If it only subtends an angle of **α**, then it will only have an area of **α/(2 π)** of the circle.

Thus **A** (for a circular sector) is **α/(2 π r**^{2})

** = α r**^{2}/2

This means from the center to the outer arc you have an area of:

**A**_{2} = α R_{2}^{2}/2.

And for the inner one you have an area:

**A**_{1} = α R_{1}^{2}/2.

Thus the area between them is:

**A = α R**_{2}^{2}/2-α R_{1}^{2}/2

** = α (R**_{2}^{2}-R_{1}^{2})/2

Thus **2 A = α (R**_{2}^{2}-R_{1}^{2}).

Notice that was in the formula above?

That means we can sub it in.

As a reminder we had:

**dt = 2 ω α (R**_{2}^{2}-R_{1}^{2})/c^{2}

By subbing in the above we get:

**dt = 2 ω 2 A/c**^{2}

And thus:

**dt = 4 A ω/c**^{2}

Now that certainly looks like the formula you had (with one simplification).

But notice a key fact?

**It uses the area of the loop, not the area of the orbit.**

So no, you have repeatedly been using the wrong radius/area to try and pretend that the orbital Sagnac effect should be much greater.

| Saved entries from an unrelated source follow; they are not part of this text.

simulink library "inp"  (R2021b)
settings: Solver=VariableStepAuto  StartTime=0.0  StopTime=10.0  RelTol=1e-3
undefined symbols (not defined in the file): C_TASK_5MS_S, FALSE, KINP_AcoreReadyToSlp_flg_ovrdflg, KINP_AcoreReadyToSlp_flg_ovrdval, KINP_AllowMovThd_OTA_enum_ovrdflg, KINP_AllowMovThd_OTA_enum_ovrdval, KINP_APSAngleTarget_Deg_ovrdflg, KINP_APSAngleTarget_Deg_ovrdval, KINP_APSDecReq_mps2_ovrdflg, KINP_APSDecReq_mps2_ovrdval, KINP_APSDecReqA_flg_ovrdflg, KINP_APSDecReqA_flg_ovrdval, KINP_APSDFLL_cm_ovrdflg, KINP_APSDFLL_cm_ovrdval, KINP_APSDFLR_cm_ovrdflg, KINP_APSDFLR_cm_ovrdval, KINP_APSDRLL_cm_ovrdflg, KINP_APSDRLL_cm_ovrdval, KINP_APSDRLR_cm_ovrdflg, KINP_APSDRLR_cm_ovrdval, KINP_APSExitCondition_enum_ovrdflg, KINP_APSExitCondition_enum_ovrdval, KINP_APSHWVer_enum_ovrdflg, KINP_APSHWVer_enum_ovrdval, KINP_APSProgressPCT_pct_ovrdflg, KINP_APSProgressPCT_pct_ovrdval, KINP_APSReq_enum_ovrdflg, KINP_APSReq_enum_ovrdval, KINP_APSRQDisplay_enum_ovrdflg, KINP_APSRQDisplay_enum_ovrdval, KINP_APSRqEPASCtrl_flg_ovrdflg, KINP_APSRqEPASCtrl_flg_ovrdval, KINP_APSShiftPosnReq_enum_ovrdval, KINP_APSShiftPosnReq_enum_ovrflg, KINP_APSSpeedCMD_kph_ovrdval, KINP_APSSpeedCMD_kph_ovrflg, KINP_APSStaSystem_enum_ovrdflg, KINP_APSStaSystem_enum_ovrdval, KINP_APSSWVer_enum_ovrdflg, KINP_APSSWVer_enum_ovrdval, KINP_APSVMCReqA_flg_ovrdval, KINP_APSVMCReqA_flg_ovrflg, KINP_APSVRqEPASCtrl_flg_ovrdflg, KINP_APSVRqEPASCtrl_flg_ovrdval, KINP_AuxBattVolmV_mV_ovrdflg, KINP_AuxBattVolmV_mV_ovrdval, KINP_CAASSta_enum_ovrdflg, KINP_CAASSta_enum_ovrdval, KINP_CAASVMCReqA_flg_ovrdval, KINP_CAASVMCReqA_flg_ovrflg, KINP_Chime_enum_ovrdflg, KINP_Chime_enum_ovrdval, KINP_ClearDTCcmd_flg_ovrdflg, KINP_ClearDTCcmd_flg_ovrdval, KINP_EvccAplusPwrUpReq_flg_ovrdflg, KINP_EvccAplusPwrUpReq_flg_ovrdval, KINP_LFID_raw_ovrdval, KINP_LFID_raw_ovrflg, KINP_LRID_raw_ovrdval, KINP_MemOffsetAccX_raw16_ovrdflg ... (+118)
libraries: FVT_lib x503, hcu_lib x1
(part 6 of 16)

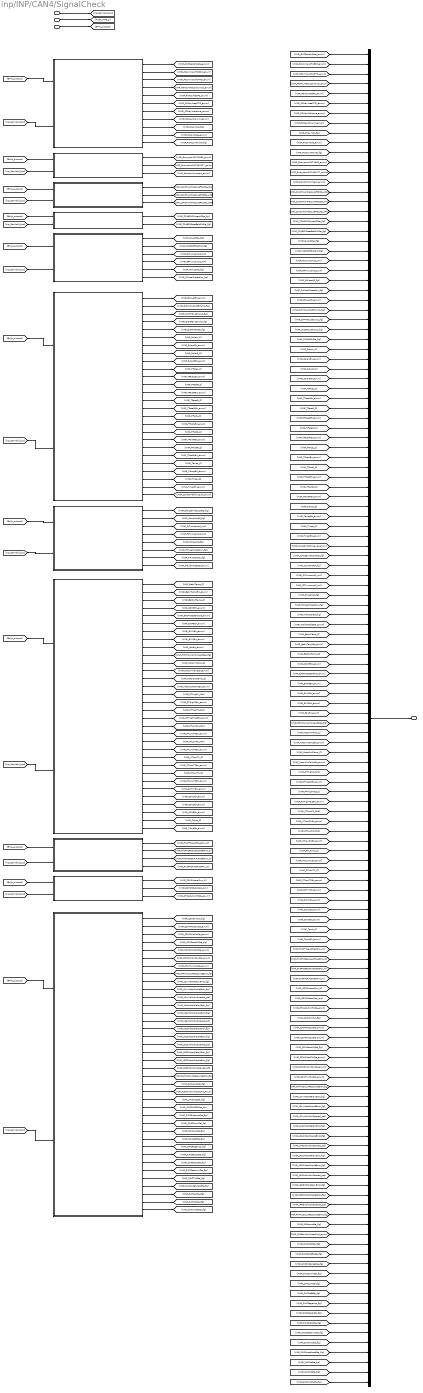
== system inp/INP/CAN4/SignalCheck ==
  inp_CanValid_bus : Inport
  TASK_TIME_S : Inport  Port=2
  BHAL_outputs : Inport  Port=3
  DKC1 : Subsystem
  DKC2 : Subsystem
  Z24_C1000_0 : Subsystem
  Z24_CE100_0 : Subsystem
  ZONE_DR1 : Subsystem
  ZONE_DR_VCU : Subsystem
  ZONE_FR1 : Subsystem
  ZONE_FR_VCU : Subsystem
  bus_creator : BusCreator  Inputs=136
  zGW_APTC1 : Subsystem
  zGW_CANFr1 : Subsystem
  zGW_LINDr1 : Subsystem
  inp_Hal_bus : Outport
  wires:
  inp_CanValid_bus/1 -> [inp_CanValid_bus]
  TASK_TIME_S/1 -> [TASK_TIME_S]
  BHAL_outputs/1 -> [BHAL_outputs]
  [BHAL_outputs] -> DKC1/1(BHAL_outputs)
  [inp_CanValid_bus] -> DKC1/2(inp_CanValid_bus)
  DKC1/1(VINP_DKCReVehData_enum) -> [VINP_DKCReVehData_enum]
  DKC1/2(VINP_PCommandToBCM_enum) -> [VINP_PCommandToBCM_enum]
  DKC1/3(VINP_PCommandToPTG_enum) -> [VINP_PCommandToPTG_enum]
  DKC1/4(VINP_PDKeyAreaLockUnlock_enum) -> [VINP_PDKeyAreaLockUnlock_enum]
  DKC1/5(VINP_PDKeyAreaPS_enum) -> [VINP_PDKeyAreaPS_enum]
  DKC1/6(VINP_PDKeyAreaPTG_enum) -> [VINP_PDKeyAreaPTG_enum]
  DKC1/7(VINP_PDKeyWelcome_enum) -> [VINP_PDKeyWelcome_enum]
  DKC1/8(VINP_PDkeyShowIVI_enum) -> [VINP_PDkeyShowIVI_enum]
  DKC1/9(VINP_PKeyMiss_flg) -> [VINP_PKeyMiss_flg]
  DKC1/10(VINP_PKeyMode_enum) -> [VINP_PKeyMode_enum]
  DKC1/11(VINP_PUIDLowPower_flg) -> [VINP_PUIDLowPower_flg]
  [BHAL_outputs] -> DKC2/1(BHAL_outputs)
  [inp_CanValid_bus] -> DKC2/2(inp_CanValid_bus)
  DKC2/1(VINP_EncryptionDATA063_enum) -> [VINP_EncryptionDATA063_enum]
  DKC2/2(VINP_EncryptionDATA64127_enum) -> [VINP_EncryptionDATA64127_enum]
  DKC2/3(VINP_RandomNumberX_enum) -> [VINP_RandomNumberX_enum]
  [BHAL_outputs] -> Z24_C1000_0/1(BHAL_outputs)
  [inp_CanValid_bus] -> Z24_C1000_0/2(inp_CanValid_bus)
  Z24_C1000_0/1(VINP_Z24CHAAirPressureFC2Sta_KPa) -> [VINP_Z24CHAAirPressureFC2Sta_KPa]
  Z24_C1000_0/2(VINP_Z24CHAAirPressurePC3Sta_KPa) -> [VINP_Z24CHAAirPressurePC3Sta_KPa]
  Z24_C1000_0/3(VINP_Z24CHAAirPressureRC1Sta_KPa) -> [VINP_Z24CHAAirPressureRC1Sta_KPa]
  [BHAL_outputs] -> Z24_CE100_0/1(BHAL_outputs)
  [inp_CanValid_bus] -> Z24_CE100_0/2(inp_CanValid_bus)
  Z24_CE100_0/1(VINP_Z24BCMFWiperASSta_flg) -> [VINP_Z24BCMFWiperASSta_flg]
  Z24_CE100_0/2(VINP_Z24BCMSeatBeltSWSta_flg) -> [VINP_Z24BCMSeatBeltSWSta_flg]
  [BHAL_outputs] -> ZONE_DR1/1(BHAL_outputs)
  [inp_CanValid_bus] -> ZONE_DR1/2(inp_CanValid_bus)
  ZONE_DR1/1(VINP_DrLockSta_flg) -> [VINP_DrLockSta_flg]
  ZONE_DR1/2(VINP_MIRRORFOLDSW_flg) -> [VINP_MIRRORFOLDSW_flg]
  ZONE_DR1/3(VINP_RLTurnLampC_mA) -> [VINP_RLTurnLampC_mA]
  ZONE_DR1/4(VINP_RRTurnLampC_mA) -> [VINP_RRTurnLampC_mA]
  ZONE_DR1/5(VINP_RWiperAS_flg) -> [VINP_RWiperAS_flg]
  ZONE_DR1/6(VINP_RWiperProtection_flg) -> [VINP_RWiperProtection_flg]
  [BHAL_outputs] -> ZONE_DR_VCU/1(BHAL_outputs)
  [inp_CanValid_bus] -> ZONE_DR_VCU/2(inp_CanValid_bus)
  ZONE_DR_VCU/1(VINP_BlowerErr_enum) -> [VINP_BlowerErr_enum]
  ZONE_DR_VCU/2(VINP_DrPMMLVOutPErrLmp_flg) -> [VINP_DrPMMLVOutPErrLmp_flg]
  ZONE_DR_VCU/3(VINP_DrPMMSysErrLmp_flg) -> [VINP_DrPMMSysErrLmp_flg]
  ZONE_DR_VCU/4(VINP_DrSCPSysErrLmp_flg) -> [VINP_DrSCPSysErrLmp_flg]
  ZONE_DR_VCU/5(VINP_DrStdAErrSta_flg) -> [VINP_DrStdAErrSta_flg]
  ZONE_DR_VCU/6(VINP_SolarL_W) -> [VINP_SolarL_W]
  ZONE_DR_VCU/7(VINP_SolarLErr_enum) -> [VINP_SolarLErr_enum]
  ZONE_DR_VCU/8(VINP_SolarR_W) -> [VINP_SolarR_W]
  ZONE_DR_VCU/9(VINP_SolarRErr_enum) -> [VINP_SolarRErr_enum]
  ZONE_DR_VCU/10(VINP_TFaceL_C) -> [VINP_TFaceL_C]
  ZONE_DR_VCU/11(VINP_TFaceLErr_enum) -> [VINP_TFaceLErr_enum]
  ZONE_DR_VCU/12(VINP_TFaceR_C) -> [VINP_TFaceR_C]
  ZONE_DR_VCU/13(VINP_TFaceRErr_enum) -> [VINP_TFaceRErr_enum]
  ZONE_DR_VCU/14(VINP_TFaceRr_C) -> [VINP_TFaceRr_C]
  ZONE_DR_VCU/15(VINP_TFaceRrErr_enum) -> [VINP_TFaceRrErr_enum]
  ZONE_DR_VCU/16(VINP_TFootL_C) -> [VINP_TFootL_C]
  ZONE_DR_VCU/17(VINP_TFootLErr_enum) -> [VINP_TFootLErr_enum]
  ZONE_DR_VCU/18(VINP_TFootR_C) -> [VINP_TFootR_C]
  ZONE_DR_VCU/19(VINP_TFootRErr_enum) -> [VINP_TFootRErr_enum]
  ZONE_DR_VCU/20(VINP_TFootRr_C) -> [VINP_TFootRr_C]
  ZONE_DR_VCU/21(VINP_TFootRrErr_enum) -> [VINP_TFootRrErr_enum]
  ZONE_DR_VCU/22(VINP_Tevap_C) -> [VINP_Tevap_C]
  ZONE_DR_VCU/23(VINP_TevapErr_enum) -> [VINP_TevapErr_enum]
  ZONE_DR_VCU/24(VINP_Tincar_C) -> [VINP_Tincar_C]
  ZONE_DR_VCU/25(VINP_TincarErr_enum) -> [VINP_TincarErr_enum]
  ZONE_DR_VCU/26(VINP_ZoneDrMalfunLevel_enum) -> [VINP_ZoneDrMalfunLevel_enum]
  [BHAL_outputs] -> ZONE_FR1/1(BHAL_outputs)
  [inp_CanValid_bus] -> ZONE_FR1/2(inp_CanValid_bus)
  ZONE_FR1/1(VINP_ChargeInletLockSta_flg) -> [VINP_ChargeInletLockSta_flg]
  ZONE_FR1/2(VINP_CompProEN_flg) -> [VINP_CompProEN_flg]
  ZONE_FR1/3(VINP_FLTurnLampC_mA) -> [VINP_FLTurnLampC_mA]
  ZONE_FR1/4(VINP_FRTurnLampC_mA) -> [VINP_FRTurnLampC_mA]
  ZONE_FR1/5(VINP_FWiperAS_flg) -> [VINP_FWiperAS_flg]
  ZONE_FR1/6(VINP_FWiperProtection_flg) -> [VINP_FWiperProtection_flg]
  ZONE_FR1/7(VINP_TrailerCheck_flg) -> [VINP_TrailerCheck_flg]
  ZONE_FR1/8(VINP_TrailerModeSta_enum) -> [VINP_TrailerModeSta_enum]
  [BHAL_outputs] -> ZONE_FR_VCU/1(BHAL_outputs)
  [inp_CanValid_bus] -> ZONE_FR_VCU/2(inp_CanValid_bus)
  ZONE_FR_VCU/1(VINP_BatInTemp_C) -> [VINP_BatInTemp_C]
  ZONE_FR_VCU/2(VINP_BatInTempErr_enum) -> [VINP_BatInTempErr_enum]
  ZONE_FR_VCU/3(VINP_BatOutTemp_C) -> [VINP_BatOutTemp_C]
  ZONE_FR_VCU/4(VINP_COMPErr_enum) -> [VINP_COMPErr_enum]
  ZONE_FR_VCU/5(VINP_EACProtectEnable_enum) -> [VINP_EACProtectEnable_enum]
  ZONE_FR_VCU/6(VINP_EWP3Err_enum) -> [VINP_EWP3Err_enum]
  ZONE_FR_VCU/7(VINP_EXV1Err_enum) -> [VINP_EXV1Err_enum]
  ZONE_FR_VCU/8(VINP_EXV2Err_enum) -> [VINP_EXV2Err_enum]
  ZONE_FR_VCU/9(VINP_FanErr_enum) -> [VINP_FanErr_enum]
  ZONE_FR_VCU/10(VINP_FrPMMLimpHomeActReq_flg) -> [VINP_FrPMMLimpHomeActReq_flg]
  ZONE_FR_VCU/11(VINP_MotorInTemp_C) -> [VINP_MotorInTemp_C]
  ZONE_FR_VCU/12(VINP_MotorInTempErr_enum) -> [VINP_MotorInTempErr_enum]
simulink model "rx2"  (R2022b)
settings: Solver=FixedStepDiscrete  StartTime=0.0  StopTime=3.3E6  FixedStep=1  RelTol=1e-3  EnableMultiTasking=on
model workspace (MAT data in the model file):
  mwTaskManagerKernelLatency = 0
undefined symbols (not defined in the file or in its folder): Add, jsin, magnitude, rom_pilot_conj_tt, Shift
libraries: hdlsllib x3231, whdlutilities x525, simulink x260, whdlmod x112, whdledac x26, dsphdlmathfun2 x24, commchan3 x1
(part 17 of 59)

== system rx2/process divide/transport_block1/Subsystem2/ctrl_gen ==
  data_in : Inport
  valid_in : Inport  Port=2
  Delay : Delay  DelayLength=1  InitialCondition=0
  Delay1 : Delay  DelayLength=1  InitialCondition=0
  Delay2 : Delay  DelayLength=1  InitialCondition=0
  Detect Fall Nonpositive : hdlsllib/Logic and Bit Operations/Detect Fall Nonpositive  vinit=0  OutDataTypeStr=boolean
  Detect Rise Positive : hdlsllib/Logic and Bit Operations/Detect Rise Positive  vinit=0  OutDataTypeStr=boolean
  Sample Control Bus Creator : whdlutilities/Sample Control Bus Creator
  data_out : Outport
  ctrl_out : Outport  Port=2
  wires:
  Detect Rise Positive/1 -> Sample Control Bus Creator/1
  Delay2/1 -> data_out/1
  data_in/1 -> Delay2/1
  Delay1/1 -> Detect Rise Positive/1
  Delay/1 -> Sample Control Bus Creator/3
  Sample Control Bus Creator/1 -> ctrl_out/1
  valid_in/1 -> Delay1/1, Detect Fall Nonpositive/1, Delay/1
  Detect Fall Nonpositive/1 -> Sample Control Bus Creator/2

== system rx2/process divide/transport_block1/Subsystem3/ctrl_gen ==
  data_in : Inport
  valid_in : Inport  Port=2
  Delay : Delay  DelayLength=1  InitialCondition=0
  Delay1 : Delay  DelayLength=1  InitialCondition=0
  Delay2 : Delay  DelayLength=1  InitialCondition=0
  Detect Fall Nonpositive : hdlsllib/Logic and Bit Operations/Detect Fall Nonpositive  vinit=0  OutDataTypeStr=boolean
  Detect Rise Positive : hdlsllib/Logic and Bit Operations/Detect Rise Positive  vinit=0  OutDataTypeStr=boolean
  Sample Control Bus Creator : whdlutilities/Sample Control Bus Creator
  data_out : Outport
  ctrl_out : Outport  Port=2
  wires:
  Detect Fall Nonpositive/1 -> Sample Control Bus Creator/2
  valid_in/1 -> Delay/1, Detect Fall Nonpositive/1, Delay1/1
  Sample Control Bus Creator/1 -> ctrl_out/1
  Delay/1 -> Sample Control Bus Creator/3
  Delay1/1 -> Detect Rise Positive/1
  data_in/1 -> Delay2/1
  Delay2/1 -> data_out/1
  Detect Rise Positive/1 -> Sample Control Bus Creator/1

== system rx2/process divide/transport_block1/Subsystem4/ctrl_gen ==
  data_in : Inport
  valid_in : Inport  Port=2
  Delay : Delay  DelayLength=1  InitialCondition=0
  Delay1 : Delay  DelayLength=1  InitialCondition=0
  Delay2 : Delay  DelayLength=1  InitialCondition=0
  Detect Fall Nonpositive : hdlsllib/Logic and Bit Operations/Detect Fall Nonpositive  vinit=0  OutDataTypeStr=boolean
  Detect Rise Positive : hdlsllib/Logic and Bit Operations/Detect Rise Positive  vinit=0  OutDataTypeStr=boolean
  Sample Control Bus Creator : whdlutilities/Sample Control Bus Creator
  data_out : Outport
  ctrl_out : Outport  Port=2
  wires:
  Detect Rise Positive/1 -> Sample Control Bus Creator/1
  Delay2/1 -> data_out/1
  data_in/1 -> Delay2/1
  Delay1/1 -> Detect Rise Positive/1
  Delay/1 -> Sample Control Bus Creator/3
  Sample Control Bus Creator/1 -> ctrl_out/1
  valid_in/1 -> Delay1/1, Detect Fall Nonpositive/1, Delay/1
  Detect Fall Nonpositive/1 -> Sample Control Bus Creator/2

== system rx2/process divide/transport_block1/Subsystem5/ctrl_gen ==
  data_in : Inport
  valid_in : Inport  Port=2
  Delay : Delay  DelayLength=1  InitialCondition=0
  Delay1 : Delay  DelayLength=1  InitialCondition=0
  Delay2 : Delay  DelayLength=1  InitialCondition=0
  Detect Fall Nonpositive : hdlsllib/Logic and Bit Operations/Detect Fall Nonpositive  vinit=0  OutDataTypeStr=boolean
  Detect Rise Positive : hdlsllib/Logic and Bit Operations/Detect Rise Positive  vinit=0  OutDataTypeStr=boolean
  Sample Control Bus Creator : whdlutilities/Sample Control Bus Creator
  data_out : Outport
  ctrl_out : Outport  Port=2
  wires:
  Detect Rise Positive/1 -> Sample Control Bus Creator/1
  Delay2/1 -> data_out/1
  data_in/1 -> Delay2/1
  Delay1/1 -> Detect Rise Positive/1
  Delay/1 -> Sample Control Bus Creator/3
  Sample Control Bus Creator/1 -> ctrl_out/1
  valid_in/1 -> Delay1/1, Detect Fall Nonpositive/1, Delay/1
  Detect Fall Nonpositive/1 -> Sample Control Bus Creator/2

== system rx2/process divide/transport_block1/Subsystem6/ctrl_gen ==
  data_in : Inport
  valid_in : Inport  Port=2
  Delay : Delay  DelayLength=1  InitialCondition=0
  Delay1 : Delay  DelayLength=1  InitialCondition=0
  Delay2 : Delay  DelayLength=1  InitialCondition=0
  Detect Fall Nonpositive : hdlsllib/Logic and Bit Operations/Detect Fall Nonpositive  vinit=0  OutDataTypeStr=boolean
  Detect Rise Positive : hdlsllib/Logic and Bit Operations/Detect Rise Positive  vinit=0  OutDataTypeStr=boolean
  Sample Control Bus Creator : whdlutilities/Sample Control Bus Creator
  data_out : Outport
  ctrl_out : Outport  Port=2
  wires:
  Detect Rise Positive/1 -> Sample Control Bus Creator/1
  Delay2/1 -> data_out/1
  data_in/1 -> Delay2/1
  Delay1/1 -> Detect Rise Positive/1
  Delay/1 -> Sample Control Bus Creator/3
  Sample Control Bus Creator/1 -> ctrl_out/1
  valid_in/1 -> Delay1/1, Detect Fall Nonpositive/1, Delay/1
  Detect Fall Nonpositive/1 -> Sample Control Bus Creator/2

== system rx2/process divide/transport_block1/Subsystem7/ctrl_gen ==
  data_in : Inport
  valid_in : Inport  Port=2
  Delay : Delay  DelayLength=1  InitialCondition=0
  Delay1 : Delay  DelayLength=1  InitialCondition=0
  Delay2 : Delay  DelayLength=1  InitialCondition=0
  Detect Fall Nonpositive : hdlsllib/Logic and Bit Operations/Detect Fall Nonpositive  vinit=0  OutDataTypeStr=boolean
  Detect Rise Positive : hdlsllib/Logic and Bit Operations/Detect Rise Positive  vinit=0  OutDataTypeStr=boolean
  Sample Control Bus Creator : whdlutilities/Sample Control Bus Creator
  data_out : Outport
  ctrl_out : Outport  Port=2
  wires:
  Detect Rise Positive/1 -> Sample Control Bus Creator/1
  Delay2/1 -> data_out/1
  data_in/1 -> Delay2/1
  Delay1/1 -> Detect Rise Positive/1
  Delay/1 -> Sample Control Bus Creator/3
  Sample Control Bus Creator/1 -> ctrl_out/1
  valid_in/1 -> Delay1/1, Detect Fall Nonpositive/1, Delay/1
  Detect Fall Nonpositive/1 -> Sample Control Bus Creator/2

== system rx2/process divide/transport_block1/Subsystem8/ctrl_gen ==
  data_in : Inport
  valid_in : Inport  Port=2
  Delay : Delay  DelayLength=1  InitialCondition=0
  Delay1 : Delay  DelayLength=1  InitialCondition=0
  Delay2 : Delay  DelayLength=1  InitialCondition=0
  Detect Fall Nonpositive : hdlsllib/Logic and Bit Operations/Detect Fall Nonpositive  vinit=0  OutDataTypeStr=boolean
  Detect Rise Positive : hdlsllib/Logic and Bit Operations/Detect Rise Positive  vinit=0  OutDataTypeStr=boolean
  Sample Control Bus Creator : whdlutilities/Sample Control Bus Creator
  data_out : Outport
  ctrl_out : Outport  Port=2
  wires:
  Detect Rise Positive/1 -> Sample Control Bus Creator/1
  Delay2/1 -> data_out/1
  data_in/1 -> Delay2/1
  Delay1/1 -> Detect Rise Positive/1
  Delay/1 -> Sample Control Bus Creator/3
  Sample Control Bus Creator/1 -> ctrl_out/1
  valid_in/1 -> Delay1/1, Detect Fall Nonpositive/1, Delay/1
  Detect Fall Nonpositive/1 -> Sample Control Bus Creator/2

== system rx2/process divide/transport_block1/Subsystem9/ctrl_gen ==
  data_in : Inport
  valid_in : Inport  Port=2
  Delay : Delay  DelayLength=1  InitialCondition=0
  Delay1 : Delay  DelayLength=1  InitialCondition=0
  Delay2 : Delay  DelayLength=1  InitialCondition=0
  Detect Fall Nonpositive : hdlsllib/Logic and Bit Operations/Detect Fall Nonpositive  vinit=0  OutDataTypeStr=boolean
  Detect Rise Positive : hdlsllib/Logic and Bit Operations/Detect Rise Positive  vinit=0  OutDataTypeStr=boolean
  Sample Control Bus Creator : whdlutilities/Sample Control Bus Creator
  data_out : Outport
  ctrl_out : Outport  Port=2
  wires:
  Detect Rise Positive/1 -> Sample Control Bus Creator/1
  Delay2/1 -> data_out/1
  data_in/1 -> Delay2/1
  Delay1/1 -> Detect Rise Positive/1
  Delay/1 -> Sample Control Bus Creator/3
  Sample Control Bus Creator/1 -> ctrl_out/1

You can do the same without the simplification, but it gets more complicated, and it still isn't based upon the area of the orbit.

But please note!

- This result,
**dt = 4 A ω/c**^{2}, agrees with the references that you gave. - The delay does not depend on the location of the centre of rotation, as is clearly stated in the references that you presented.
- As with all the derivations that I have seen in the literature the Sagnac delay depends on the
*area of the light path* and *not the total area swept*.

If you disagree, please present your own derivation.